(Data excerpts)
+---+
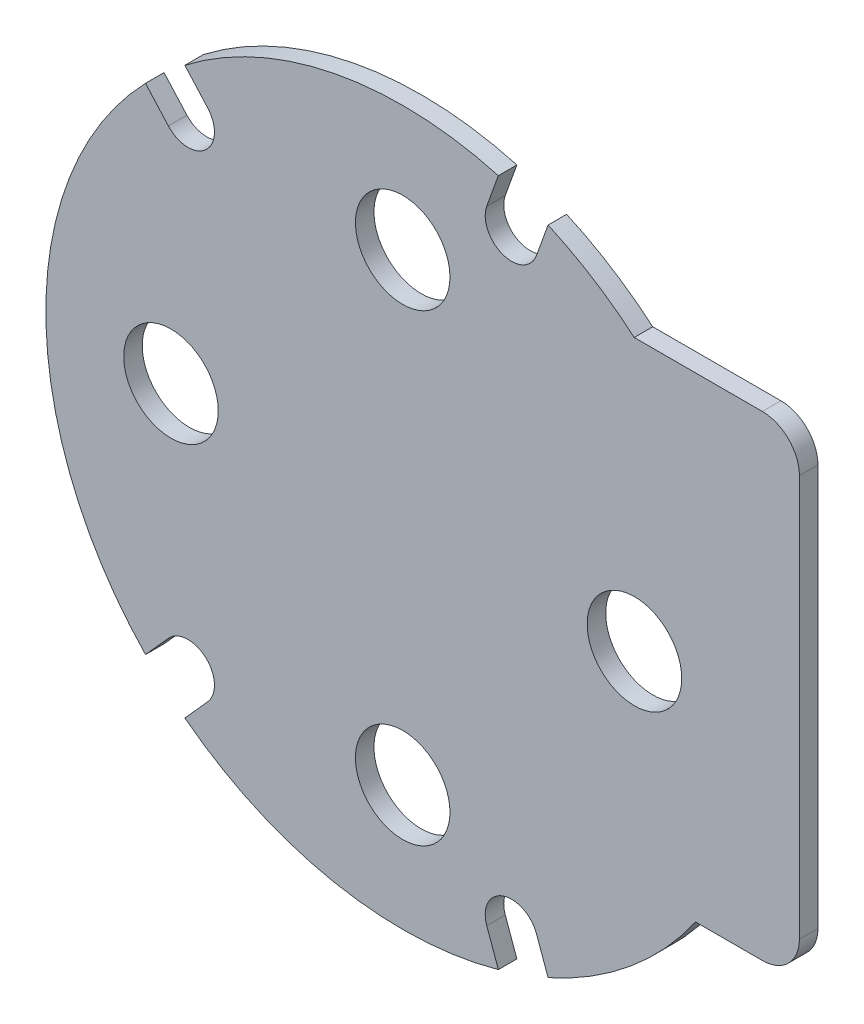
ISO-10303-21;
HEADER;
FILE_DESCRIPTION(('STEP AP214'),'2;1');
FILE_NAME('part.step','',(''),(''),'','','');
FILE_SCHEMA(('AUTOMOTIVE_DESIGN { 1 0 10303 214 1 1 1 1 }'));
ENDSEC;
DATA;
#1=APPLICATION_CONTEXT('core data for automotive mechanical design processes');
#2=APPLICATION_PROTOCOL_DEFINITION('international standard','automotive_design',2000,#1);
#3=PRODUCT_CONTEXT('',#1,'mechanical');
#4=PRODUCT('Part','Part','',(#3));
#5=PRODUCT_RELATED_PRODUCT_CATEGORY('part','',(#4));
#6=PRODUCT_DEFINITION_FORMATION('','',#4);
#7=PRODUCT_DEFINITION_CONTEXT('part definition',#1,'design');
#8=PRODUCT_DEFINITION('design','',#6,#7);
#9=PRODUCT_DEFINITION_SHAPE('','',#8);
#10=(LENGTH_UNIT() NAMED_UNIT(*) SI_UNIT(.MILLI.,.METRE.));
#11=(NAMED_UNIT(*) PLANE_ANGLE_UNIT() SI_UNIT($,.RADIAN.));
#12=(NAMED_UNIT(*) SI_UNIT($,.STERADIAN.) SOLID_ANGLE_UNIT());
#13=UNCERTAINTY_MEASURE_WITH_UNIT(LENGTH_MEASURE(1.E-05),#10,'distance_accuracy_value','');
#14=(GEOMETRIC_REPRESENTATION_CONTEXT(3) GLOBAL_UNCERTAINTY_ASSIGNED_CONTEXT((#13)) GLOBAL_UNIT_ASSIGNED_CONTEXT((#10,
#11,#12)) REPRESENTATION_CONTEXT('',''));
#15=CARTESIAN_POINT('',(0.,0.,0.));
#16=DIRECTION('',(0.,0.,1.));
#17=DIRECTION('',(1.,0.,0.));
#18=AXIS2_PLACEMENT_3D('',#15,#16,#17);
#19=CARTESIAN_POINT('',(0.,0.,2.));
#20=DIRECTION('',(0.,0.,1.));
#21=DIRECTION('',(1.,0.,0.));
#22=AXIS2_PLACEMENT_3D('',#19,#20,#21);
#23=PLANE('',#22);
#24=CARTESIAN_POINT('',(0.,25.,2.));
#25=DIRECTION('',(0.,0.,1.));
#26=DIRECTION('',(1.,0.,0.));
#27=AXIS2_PLACEMENT_3D('',#24,#25,#26);
#28=CIRCLE('',#27,5.1);
#29=CARTESIAN_POINT('',(5.09999999999999,25.,2.));
#30=VERTEX_POINT('',#29);
#31=EDGE_CURVE('E309',#30,#30,#28,.T.);
#32=ORIENTED_EDGE('',*,*,#31,.F.);
#33=EDGE_LOOP('',(#32));
#34=FACE_BOUND('',#33,.T.);
#35=CARTESIAN_POINT('',(0.,-25.,2.));
#36=DIRECTION('',(0.,0.,1.));
#37=DIRECTION('',(1.,0.,0.));
#38=AXIS2_PLACEMENT_3D('',#35,#36,#37);
#39=CIRCLE('',#38,5.1);
#40=CARTESIAN_POINT('',(5.10000000000001,-25.,2.));
#41=VERTEX_POINT('',#40);
#42=EDGE_CURVE('E321',#41,#41,#39,.T.);
#43=ORIENTED_EDGE('',*,*,#42,.F.);
#44=EDGE_LOOP('',(#43));
#45=FACE_BOUND('',#44,.T.);
#46=CARTESIAN_POINT('',(-25.,0.,2.));
#47=DIRECTION('',(0.,0.,1.));
#48=DIRECTION('',(1.,0.,0.));
#49=AXIS2_PLACEMENT_3D('',#46,#47,#48);
#50=CIRCLE('',#49,5.1);
#51=CARTESIAN_POINT('',(-19.9,0.,2.));
#52=VERTEX_POINT('',#51);
#53=EDGE_CURVE('E315',#52,#52,#50,.T.);
#54=ORIENTED_EDGE('',*,*,#53,.F.);
#55=EDGE_LOOP('',(#54));
#56=FACE_BOUND('',#55,.T.);
#57=CARTESIAN_POINT('',(25.,0.,2.));
#58=DIRECTION('',(0.,0.,1.));
#59=DIRECTION('',(1.,0.,0.));
#60=AXIS2_PLACEMENT_3D('',#57,#58,#59);
#61=CIRCLE('',#60,5.1);
#62=CARTESIAN_POINT('',(30.1,0.,2.));
#63=VERTEX_POINT('',#62);
#64=EDGE_CURVE('E303',#63,#63,#61,.T.);
#65=ORIENTED_EDGE('',*,*,#64,.F.);
#66=EDGE_LOOP('',(#65));
#67=FACE_BOUND('',#66,.T.);
#68=DIRECTION('',(0.,1.,0.));
#69=VECTOR('',#68,1.);
#70=CARTESIAN_POINT('',(42.8,29.3,2.));
#71=LINE('',#70,#69);
#72=CARTESIAN_POINT('',(42.8,-18.,2.));
#73=VERTEX_POINT('',#72);
#74=CARTESIAN_POINT('',(42.8,25.3,2.));
#75=VERTEX_POINT('',#74);
#76=EDGE_CURVE('E332',#73,#75,#71,.T.);
#77=ORIENTED_EDGE('',*,*,#76,.T.);
#78=CARTESIAN_POINT('',(38.8,25.3,2.));
#79=DIRECTION('',(0.,0.,1.));
#80=DIRECTION('',(1.,0.,0.));
#81=AXIS2_PLACEMENT_3D('',#78,#79,#80);
#82=CIRCLE('',#81,4.);
#83=CARTESIAN_POINT('',(38.8,29.3,2.));
#84=VERTEX_POINT('',#83);
#85=EDGE_CURVE('E40',#75,#84,#82,.T.);
#86=ORIENTED_EDGE('',*,*,#85,.T.);
#87=DIRECTION('',(-1.,0.,0.));
#88=VECTOR('',#87,1.);
#89=CARTESIAN_POINT('',(24.9751876869825,29.3,2.));
#90=LINE('',#89,#88);
#91=CARTESIAN_POINT('',(24.9751876869825,29.3,2.));
#92=VERTEX_POINT('',#91);
#93=EDGE_CURVE('E334',#84,#92,#90,.T.);
#94=ORIENTED_EDGE('',*,*,#93,.T.);
#95=CARTESIAN_POINT('',(0.,0.,2.));
#96=DIRECTION('',(0.,0.,1.));
#97=DIRECTION('',(1.,0.,0.));
#98=AXIS2_PLACEMENT_3D('',#95,#96,#97);
#99=CIRCLE('',#98,38.5);
#100=CARTESIAN_POINT('',(15.6828384392033,35.161037790285,2.));
#101=VERTEX_POINT('',#100);
#102=EDGE_CURVE('E207',#92,#101,#99,.T.);
#103=ORIENTED_EDGE('',*,*,#102,.T.);
#104=DIRECTION('',(0.338622846225681,0.940922190201729,0.));
#105=VECTOR('',#104,1.);
#106=CARTESIAN_POINT('',(14.4318410061061,31.6849248882568,2.));
#107=LINE('',#106,#105);
#108=CARTESIAN_POINT('',(14.4318410061061,31.6849248882568,2.));
#109=VERTEX_POINT('',#108);
#110=EDGE_CURVE('E194',#109,#101,#107,.T.);
#111=ORIENTED_EDGE('',*,*,#110,.F.);
#112=CARTESIAN_POINT('',(11.7502127640311,32.65,2.));
#113=DIRECTION('',(0.,0.,1.));
#114=DIRECTION('',(1.,0.,0.));
#115=AXIS2_PLACEMENT_3D('',#112,#113,#114);
#116=CIRCLE('',#115,2.85);
#117=CARTESIAN_POINT('',(9.06858452195621,33.6150751117432,2.));
#118=VERTEX_POINT('',#117);
#119=EDGE_CURVE('E184',#118,#109,#116,.T.);
#120=ORIENTED_EDGE('',*,*,#119,.F.);
#121=DIRECTION('',(-0.338622846225681,-0.940922190201729,0.));
#122=VECTOR('',#121,1.);
#123=CARTESIAN_POINT('',(9.06858452195621,33.6150751117432,2.));
#124=LINE('',#123,#122);
#125=CARTESIAN_POINT('',(10.3195819550534,37.0911880137714,2.));
#126=VERTEX_POINT('',#125);
#127=EDGE_CURVE('E208',#126,#118,#124,.T.);
#128=ORIENTED_EDGE('',*,*,#127,.F.);
#129=CARTESIAN_POINT('',(-23.5034170023146,30.493267932698,2.));
#130=VERTEX_POINT('',#129);
#131=EDGE_CURVE('E329',#126,#130,#99,.T.);
#132=ORIENTED_EDGE('',*,*,#131,.T.);
#133=DIRECTION('',(-0.667434411909216,0.744668587896253,0.));
#134=VECTOR('',#133,1.);
#135=CARTESIAN_POINT('',(-21.0376686177454,27.7421880739413,2.));
#136=LINE('',#135,#134);
#137=CARTESIAN_POINT('',(-21.0376686177454,27.7421880739413,2.));
#138=VERTEX_POINT('',#137);
#139=EDGE_CURVE('E224',#138,#130,#136,.T.);
#140=ORIENTED_EDGE('',*,*,#139,.F.);
#141=CARTESIAN_POINT('',(-23.1599740932498,25.84,2.));
#142=DIRECTION('',(0.,0.,1.));
#143=DIRECTION('',(1.,0.,0.));
#144=AXIS2_PLACEMENT_3D('',#141,#142,#143);
#145=CIRCLE('',#144,2.85);
#146=CARTESIAN_POINT('',(-25.2822795687541,23.9378119260587,2.));
#147=VERTEX_POINT('',#146);
#148=EDGE_CURVE('E222',#147,#138,#145,.T.);
#149=ORIENTED_EDGE('',*,*,#148,.F.);
#150=DIRECTION('',(0.667434411909216,-0.744668587896253,0.));
#151=VECTOR('',#150,1.);
#152=CARTESIAN_POINT('',(-25.2822795687541,23.9378119260587,2.));
#153=LINE('',#152,#151);
#154=CARTESIAN_POINT('',(-27.7480279533233,26.6888917848155,2.));
#155=VERTEX_POINT('',#154);
#156=EDGE_CURVE('E228',#155,#147,#153,.T.);
#157=ORIENTED_EDGE('',*,*,#156,.F.);
#158=CARTESIAN_POINT('',(-27.7480279533233,-26.6888917848155,2.));
#159=VERTEX_POINT('',#158);
#160=EDGE_CURVE('E411',#155,#159,#99,.T.);
#161=ORIENTED_EDGE('',*,*,#160,.T.);
#162=DIRECTION('',(-0.667434411909216,-0.744668587896253,0.));
#163=VECTOR('',#162,1.);
#164=CARTESIAN_POINT('',(-25.2822795687541,-23.9378119260587,2.));
#165=LINE('',#164,#163);
#166=CARTESIAN_POINT('',(-25.2822795687541,-23.9378119260587,2.));
#167=VERTEX_POINT('',#166);
#168=EDGE_CURVE('E251',#167,#159,#165,.T.);
#169=ORIENTED_EDGE('',*,*,#168,.F.);
#170=CARTESIAN_POINT('',(-23.1599740932498,-25.84,2.));
#171=DIRECTION('',(0.,0.,1.));
#172=DIRECTION('',(-1.,0.,0.));
#173=AXIS2_PLACEMENT_3D('',#170,#171,#172);
#174=CIRCLE('',#173,2.85);
#175=CARTESIAN_POINT('',(-21.0376686177454,-27.7421880739413,2.));
#176=VERTEX_POINT('',#175);
#177=EDGE_CURVE('E249',#176,#167,#174,.T.);
#178=ORIENTED_EDGE('',*,*,#177,.F.);
#179=DIRECTION('',(0.667434411909216,0.744668587896253,0.));
#180=VECTOR('',#179,1.);
#181=CARTESIAN_POINT('',(-21.0376686177454,-27.7421880739413,2.));
#182=LINE('',#181,#180);
#183=CARTESIAN_POINT('',(-23.5034170023146,-30.493267932698,2.));
#184=VERTEX_POINT('',#183);
#185=EDGE_CURVE('E255',#184,#176,#182,.T.);
#186=ORIENTED_EDGE('',*,*,#185,.F.);
#187=CARTESIAN_POINT('',(10.3195819550534,-37.0911880137714,2.));
#188=VERTEX_POINT('',#187);
#189=EDGE_CURVE('E412',#184,#188,#99,.T.);
#190=ORIENTED_EDGE('',*,*,#189,.T.);
#191=DIRECTION('',(0.338622846225681,-0.940922190201729,0.));
#192=VECTOR('',#191,1.);
#193=CARTESIAN_POINT('',(9.06858452195621,-33.6150751117432,2.));
#194=LINE('',#193,#192);
#195=CARTESIAN_POINT('',(9.06858452195621,-33.6150751117432,2.));
#196=VERTEX_POINT('',#195);
#197=EDGE_CURVE('E278',#196,#188,#194,.T.);
#198=ORIENTED_EDGE('',*,*,#197,.F.);
#199=CARTESIAN_POINT('',(11.7502127640311,-32.65,2.));
#200=DIRECTION('',(0.,0.,1.));
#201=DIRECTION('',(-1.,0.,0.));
+---+
Activity:
Retype the entries above exactly. Stop after the line containing "#11=(NAMED_UNIT(*) PLANE_ANGLE_UNIT() SI_UNIT($,.RADIAN.));", and omit the pictures.

Response box:
ISO-10303-21;
HEADER;
FILE_DESCRIPTION(('STEP AP214'),'2;1');
FILE_NAME('part.step','',(''),(''),'','','');
FILE_SCHEMA(('AUTOMOTIVE_DESIGN { 1 0 10303 214 1 1 1 1 }'));
ENDSEC;
DATA;
#1=APPLICATION_CONTEXT('core data for automotive mechanical design processes');
#2=APPLICATION_PROTOCOL_DEFINITION('international standard','automotive_design',2000,#1);
#3=PRODUCT_CONTEXT('',#1,'mechanical');
#4=PRODUCT('Part','Part','',(#3));
#5=PRODUCT_RELATED_PRODUCT_CATEGORY('part','',(#4));
#6=PRODUCT_DEFINITION_FORMATION('','',#4);
#7=PRODUCT_DEFINITION_CONTEXT('part definition',#1,'design');
#8=PRODUCT_DEFINITION('design','',#6,#7);
#9=PRODUCT_DEFINITION_SHAPE('','',#8);
#10=(LENGTH_UNIT() NAMED_UNIT(*) SI_UNIT(.MILLI.,.METRE.));
#11=(NAMED_UNIT(*) PLANE_ANGLE_UNIT() SI_UNIT($,.RADIAN.));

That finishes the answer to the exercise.